For a rigid body rotating about a fixed axis, angular momentum L = I ω, where I is the moment of inertia about that axis. The rotational equation of motion τ_net = I α = dL/dt shows that torque changes angular momentum, exactly as force changes linear momentum. When no external torque acts, L is conserved.
You already know that for a point particle, angular momentum is L = r × p — a vector pointing perpendicular to the plane of rotation, with magnitude L = mvr for circular motion. A rigid body is simply a collection of particles all constrained to move together. Its total angular momentum is the sum of the angular momenta of every constituent particle. For rotation about a fixed axis, this sum collapses elegantly: each particle contributes m_i v_i r_i = m_i r_i² ω, and summing over all particles gives L = (Σ m_i r_i²) ω = I ω, where I is the moment of inertia — the rotational analog of mass, measuring how mass is distributed relative to the rotation axis.
The analogy with linear dynamics is exact and worth internalizing. Newton's second law says F_net = dp/dt: net force equals the rate of change of linear momentum. The rotational counterpart is τ_net = dL/dt: net torque equals the rate of change of angular momentum. For a rigid body with fixed axis and constant I, this becomes τ_net = I α, the rotational analog of F = ma. The cross product you studied lets you compute torque precisely: τ = r × F, so only the force component perpendicular to the moment arm produces torque, and the direction of τ (and thus the change in L) is given by the right-hand rule.

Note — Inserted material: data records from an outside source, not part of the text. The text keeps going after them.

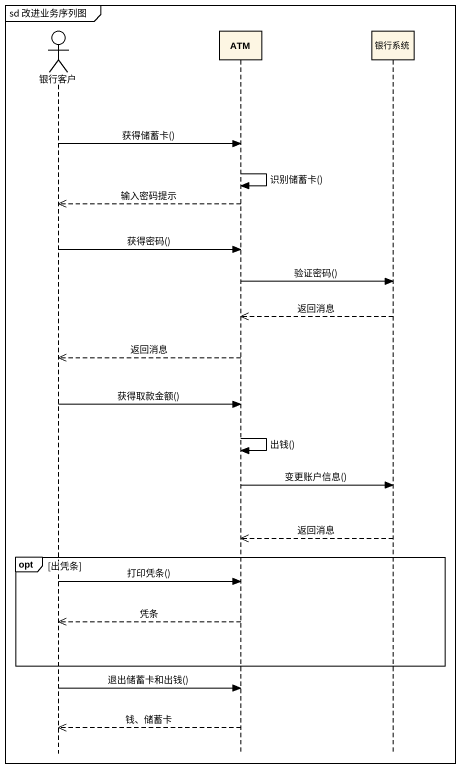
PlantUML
@startuml
mainframe sd 改进业务序列图
hide footbox
actor 银行客户
participant ATM
participant 银行系统

银行客户 -> ATM : 获得储蓄卡()
ATM -> ATM : 识别储蓄卡()
ATM -->> 银行客户 : 输入密码提示
银行客户 -> ATM : 获得密码()
ATM -> 银行系统 : 验证密码()
银行系统 -->> ATM : 返回消息
ATM -->> 银行客户 : 返回消息
银行客户 -> ATM : 获得取款金额()
ATM -> ATM : 出钱()
ATM -> 银行系统 : 变更账户信息()
银行系统 -->> ATM : 返回消息
opt 出凭条
  银行客户 -> ATM : 打印凭条()
  ATM -->> 银行客户 : 凭条
end
银行客户 -> ATM : 退出储蓄卡和出钱()
ATM -->> 银行客户 : 钱、储蓄卡
@enduml

The most powerful consequence is conservation of angular momentum: when τ_net = 0, L = Iω is constant. A spinning ice skater pulling in her arms decreases I (mass moves closer to the axis), so ω must increase to keep L fixed — she spins faster. A gyroscope resists reorientation because a torque applied to it changes the direction of L without reducing its magnitude, causing precession rather than tipping over. Both effects follow from the same equation: dL/dt = τ_net. If that torque is zero in magnitude, L is constant in both magnitude and direction.
For rotation about an arbitrary axis (not necessarily a symmetry axis), the full picture requires the inertia tensor — a 3×3 matrix relating the angular velocity vector ω to the angular momentum vector L via L = I ω. The surprising result is that L and ω are not generally parallel: a body can spin in one direction while its angular momentum points in another. This is why wobbling occurs when an asymmetric object is thrown. Along special axes called principal axes, however, L and ω are parallel and the motion is stable — these are the eigenvectors of the inertia tensor. Understanding this connects the mechanics you've learned to matrix algebra and shows why rigid body dynamics is richer and more complex than the fixed-axis case that the formula L = Iω summarizes.